Istanbul: Fabric Factories, Beautiful Lamps, Turkish Delight(s)Sunday, April 07, 2013
Phew, I've just returned from a work trip to Istanbul.
There was a whole lot of this:
Quite a lot of this:
And even more of this:
After two full days of choosing, investigating, learning, factory-exploring, laboratory-inspecting, fabric love... we managed to fit in a few hours of spontaneous sightseeing.
Istanbul is a magical city. More old than new, the ancient structures tower over the golden arches of McDonald's and Burger King (where they teach the locals spatterings of broken English - "cheeky buggers" was a favourite). The Spires stretch up and can be seen for miles away. The architecture is beautiful, and often impractical. I rather like that.
And then. Then. There was the Grand Bazaar. It doesn't matter that it feels like a giant tourist market. It doesn't matter that it is often over-priced, and you need to haggle with every seller. It's all just rather lovely. The colours of the glass, the smells of the enormous spice bags, and the sounds of everyone trying to get everyone else's attention.
Young boys zip in and out of the crowds with silver trays topped with Turkish apple tea, ready to be delivered to the vendors. Confident shop-owners call out to you with a impetuous yes, please! The lights twinkle on every corner inside the massive market.
It is an Aladdin's Cave of treasures.
Everything is negotiable. You just have to ask.
The colours are spectacular, there is no holding back as they coat every surface imaginable: rugs, scarves, ceramics, lights, glass, jewellery, trinkets, clothes.
How strange to return to a land dominated by a preference for denim, black and grey.

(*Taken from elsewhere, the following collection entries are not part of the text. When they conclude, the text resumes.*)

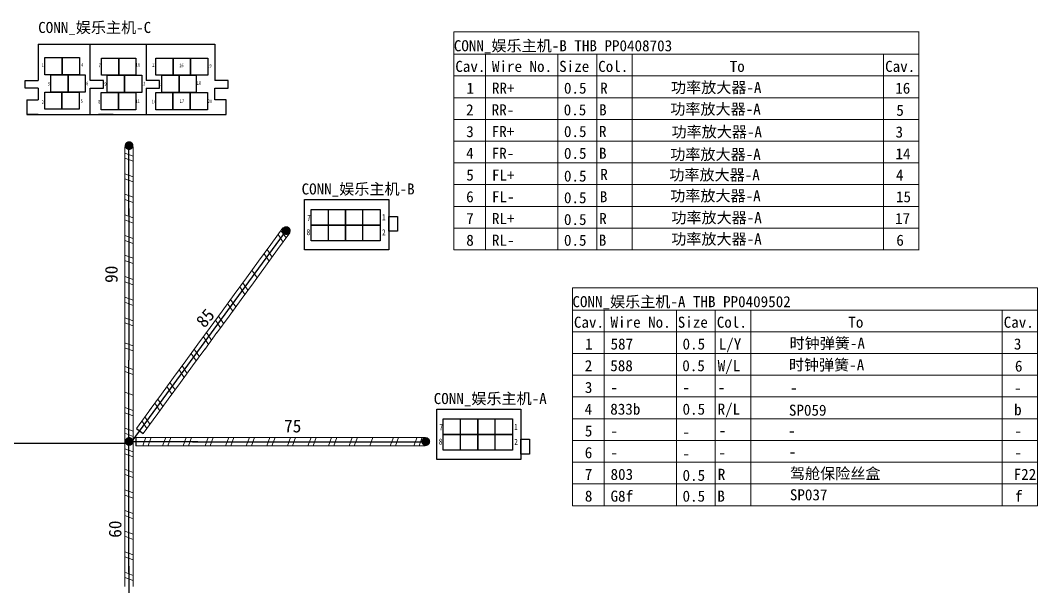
# Model space of a CAD drawing. Header units: millimetres. Extents: x 17 to 3784, y 12 to 1382.
# Drawn here: x 1261.2 to 1377.7, y 765.3 to 830 of the extents above; entities that cross this region are included whole.
import ezdxf

# ---------------------------------------------------------------- set-up
doc = ezdxf.new("R2010")
doc.units = ezdxf.units.MM
doc.styles.add('FangSong_GB2312_Style', font='simfang.ttf')
doc.styles.add('HZ', font='', dxfattribs={"width": 0.7})
doc.styles.add('仿宋_GB2312', font='', dxfattribs={"width": 0.7})
doc.styles.get('HZ').set_extended_font_data('宋体')
doc.styles.get('仿宋_GB2312').set_extended_font_data('宋体')

msp = doc.modelspace()

# ---------------------------------------------------------------- hatches: boundary and pattern name
h = msp.add_hatch(color=0)
edge = h.paths.add_edge_path(flags=0)
edge.add_arc((1273.69, 815.71), 0.507, 180, 540)
h = msp.add_hatch(color=0)
edge = h.paths.add_edge_path(flags=0)
edge.add_arc((1291.68, 805.99), 0.507, 180, 540)
h = msp.add_hatch(color=0)
edge = h.paths.add_edge_path(flags=0)
edge.add_arc((1273.7, 781.88), 0.507, 180, 540)
h = msp.add_hatch(color=0)
edge = h.paths.add_edge_path(flags=0)
edge.add_arc((1307.64, 781.86), 0.507, 180, 540)

# ---------------------------------------------------------------- linework, layer by layer
at = {"color": 0}
for p, q in [((1263.29, 827.32), (1283.51, 827.32)), ((1269.24, 823.15), (1269.24, 827.32)), ((1275.66, 827.32), (1275.66, 823.15)), ((1283.51, 827.32), (1283.51, 823.15)), ((1261.78, 823.15), (1263.29, 823.15)), ((1261.78, 822.28), (1261.78, 823.15)), ((1270.75, 823.15), (1269.24, 823.15)), ((1270.75, 822.28), (1270.75, 823.15)), ((1277.17, 823.15), (1275.66, 823.15)), ((1277.17, 822.28), (1277.17, 823.15)), ((1285.02, 823.15), (1283.51, 823.15)), ((1285.02, 822.28), (1285.02, 823.15)), ((1263.29, 822.28), (1261.78, 822.28)), ((1269.24, 819.28), (1269.24, 822.28)), ((1269.24, 822.28), (1270.75, 822.28)), ((1275.66, 822.28), (1275.66, 819.28)), ((1275.66, 822.28), (1277.17, 822.28)), ((1283.51, 822.28), (1285.02, 822.28)), ((1262, 820.93), (1262, 819.28)), ((1262, 820.93), (1263.29, 820.93)), ((1262, 820.93), (1262, 820.93)), ((1284.81, 820.93), (1283.51, 820.93)), ((1284.81, 819.28), (1284.81, 820.93)), ((1263.29, 819.28), (1262, 819.28)), ((1270.18, 819.29), (1271.88, 819.29)), ((1272.27, 819.28), (1273.96, 819.28)), ((1274.24, 819.26), (1275.94, 819.26)), ((1282.89, 819.28), (1284.81, 819.28)), ((1296.49, 806.62), (1296.49, 808.42)), ((1300.45, 806.62), (1300.45, 808.42)), ((1296.49, 804.82), (1296.49, 806.62)), ((1300.45, 804.82), (1300.45, 806.62)), ((1311.61, 782.66), (1311.61, 784.46)), ((1315.57, 782.66), (1315.57, 784.46)), ((1311.61, 780.86), (1311.61, 782.66)), ((1315.57, 780.86), (1315.57, 782.66))]:
    msp.add_line(p, q, dxfattribs=at)
for p, q in [((1273.19, 815.57), (1274.17, 815.57)), ((1291.29, 806.29), (1292.07, 805.71)), ((1274.46, 782.35), (1274.46, 781.36)), ((1274.52, 783.37), (1275.31, 782.8)), ((1307.57, 782.34), (1307.57, 781.36)), ((1238.6, 781.69), (1273.69, 781.69))]:
    msp.add_line(p, q)
at = {"color": 0, "linetype": 'Continuous', "lineweight": 13}
for points in [[(1310.85, 828.71), (1364.08, 828.71)], [(1310.85, 828.71), (1310.85, 803.79)], [(1364.07, 828.7), (1364.07, 803.79)], [(1310.85, 826.16), (1364.08, 826.16)], [(1314.47, 826.12), (1314.47, 803.79)], [(1322.75, 826.16), (1322.75, 803.79)], [(1327.2, 826.16), (1327.2, 803.79)], [(1331.25, 826.16), (1331.25, 803.79)], [(1360.03, 826.16), (1360.03, 803.79)], [(1310.85, 823.68), (1364.08, 823.68)], [(1310.85, 821.19), (1364.08, 821.19)], [(1310.85, 818.71), (1364.08, 818.71)], [(1310.85, 816.22), (1364.08, 816.22)], [(1310.85, 813.73), (1364.08, 813.73)], [(1310.85, 811.25), (1364.08, 811.25)], [(1310.85, 808.76), (1364.08, 808.76)], [(1310.85, 806.28), (1364.08, 806.28)], [(1310.85, 803.79), (1364.08, 803.79)], [(1324.42, 799.45), (1377.65, 799.45)], [(1324.42, 799.45), (1324.42, 774.53)], [(1377.64, 799.43), (1377.64, 774.53)], [(1324.42, 796.9), (1377.65, 796.9)], [(1328.04, 796.86), (1328.04, 774.53)], [(1336.32, 796.9), (1336.32, 774.53)], [(1340.77, 796.9), (1340.77, 774.53)], [(1344.82, 796.9), (1344.82, 774.53)], [(1373.6, 796.9), (1373.6, 774.53)], [(1324.42, 794.41), (1377.65, 794.41)], [(1324.42, 791.93), (1377.65, 791.93)], [(1324.42, 789.44), (1377.65, 789.44)], [(1324.42, 786.96), (1377.65, 786.96)], [(1324.42, 784.47), (1377.65, 784.47)], [(1324.42, 781.99), (1377.65, 781.99)], [(1324.42, 779.5), (1377.65, 779.5)], [(1324.42, 777.01), (1377.65, 777.01)], [(1324.42, 774.53), (1377.65, 774.53)]]:
    msp.add_lwpolyline(points, dxfattribs=at)
at = {"color": 0}
for points in [[(1263.29, 827.32), (1263.29, 823.15)], [(1263.29, 822.28), (1263.29, 820.93)], [(1283.51, 820.93), (1283.51, 822.28)], [(1262, 819.28), (1277.87, 819.28)], [(1277.87, 819.28), (1283.79, 819.28)]]:
    msp.add_lwpolyline(points, dxfattribs=at)
for points in [[(1266.04, 823.82), (1264.06, 823.82), (1264.06, 825.8), (1266.04, 825.8)], [(1268.02, 823.82), (1266.04, 823.82), (1266.04, 825.8), (1268.02, 825.8)], [(1272.51, 823.75), (1270.53, 823.75), (1270.53, 825.73), (1272.51, 825.73)], [(1274.48, 823.75), (1272.51, 823.75), (1272.51, 825.73), (1274.48, 825.73)], [(1278.74, 823.75), (1276.76, 823.75), (1276.76, 825.73), (1278.74, 825.73)], [(1280.72, 823.75), (1278.74, 823.75), (1278.74, 825.73), (1280.72, 825.73)], [(1282.7, 823.75), (1280.72, 823.75), (1280.72, 825.73), (1282.7, 825.73)], [(1266.71, 821.84), (1264.73, 821.84), (1264.73, 823.82), (1266.71, 823.82)], [(1268.68, 821.84), (1266.71, 821.84), (1266.71, 823.82), (1268.68, 823.82)], [(1273.17, 821.78), (1271.19, 821.78), (1271.19, 823.75), (1273.17, 823.75)], [(1275.15, 821.78), (1273.17, 821.78), (1273.17, 823.75), (1275.15, 823.75)], [(1279.41, 821.78), (1277.43, 821.78), (1277.43, 823.75), (1279.41, 823.75)], [(1281.38, 821.78), (1279.41, 821.78), (1279.41, 823.75), (1281.38, 823.75)], [(1266.01, 819.86), (1264.04, 819.86), (1264.04, 821.84), (1266.01, 821.84)], [(1267.99, 819.86), (1266.01, 819.86), (1266.01, 821.84), (1267.99, 821.84)], [(1272.48, 819.8), (1270.5, 819.8), (1270.5, 821.78), (1272.48, 821.78)], [(1274.46, 819.8), (1272.48, 819.8), (1272.48, 821.78), (1274.46, 821.78)], [(1278.71, 819.8), (1276.74, 819.8), (1276.74, 821.78), (1278.71, 821.78)], [(1280.69, 819.8), (1278.71, 819.8), (1278.71, 821.78), (1280.69, 821.78)], [(1282.67, 819.8), (1280.69, 819.8), (1280.69, 821.78), (1282.67, 821.78)], [(1298.47, 806.62), (1294.51, 806.62), (1294.51, 808.42), (1298.47, 808.42)], [(1302.42, 806.62), (1298.47, 806.62), (1298.47, 808.42), (1302.42, 808.42)], [(1303.4, 807.62), (1304.39, 807.62), (1304.39, 805.91), (1303.4, 805.91)], [(1298.47, 804.82), (1294.51, 804.82), (1294.51, 806.62), (1298.47, 806.62)], [(1302.42, 804.82), (1298.47, 804.82), (1298.47, 806.62), (1302.42, 806.62)], [(1313.59, 782.66), (1309.64, 782.66), (1309.64, 784.46), (1313.59, 784.46)], [(1317.55, 782.66), (1313.59, 782.66), (1313.59, 784.46), (1317.55, 784.46)], [(1313.59, 780.86), (1309.64, 780.86), (1309.64, 782.66), (1313.59, 782.66)], [(1317.55, 780.86), (1313.59, 780.86), (1313.59, 782.66), (1317.55, 782.66)], [(1318.53, 782.13), (1319.52, 782.13), (1319.52, 780.42), (1318.53, 780.42)]]:
    msp.add_lwpolyline(points, close=True, dxfattribs=at)
at = {"color": 7, "linetype": 'Continuous', "lineweight": 0}
for points in [[(1273.19, 813.21), (1273.19, 815.56)], [(1273.19, 814.86), (1274.17, 814.51)], [(1274.17, 815.56), (1274.17, 813.21)], [(1273.19, 814.27), (1274.17, 813.92)], [(1273.19, 810.86), (1273.19, 813.21)], [(1274.17, 813.21), (1274.17, 810.86)], [(1273.19, 812.5), (1274.17, 812.15)], [(1273.19, 811.92), (1274.17, 811.56)], [(1273.19, 808.5), (1273.19, 810.86)], [(1274.17, 810.86), (1274.17, 808.5)], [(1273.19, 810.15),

And oh - before I forget. THE FOOD. It's amazing. We ate in beautiful restaurants with enormously high ceilings. The staff were over-attentive, filling up your glass as soon as you'd taken a sip. The food is shared, with bowls of salads and garnishes crammed onto every available space at your table and often needs to be served in courses so that there is space. Everything is seasoned with an added pinch of salt, spice and butter. Bread and yoghurt are served with every meal.
On the first night, we ate metre kebab. It was served on a shelf placed over the salads and garnishes (our host explained, when there's no space on the table, we must go upstairs to place the food), and it really was a metre-long kebab served on a metre-long bread.
On the second night, we ate doner kebab, but it was like nothing I've ever had before. Millimetre-thin slices of meat were layered on a Turkish bread, covered with a light tomato paste, and then drenched in boiling butter. It was incredible spicy, but in a good way.
The streets are lined with small stalls selling corn-on-the-cob and twisted bagels, assorted breads and Turkish hamburgers (which are an unusual red colour). The city may be derelict in places, filled with factories and stacked up high with small living spaces - but the overwhelming sensory experience is the smell of spices and cooking bread that rises up out of the city.
Oh, and the work bit was quite productive too.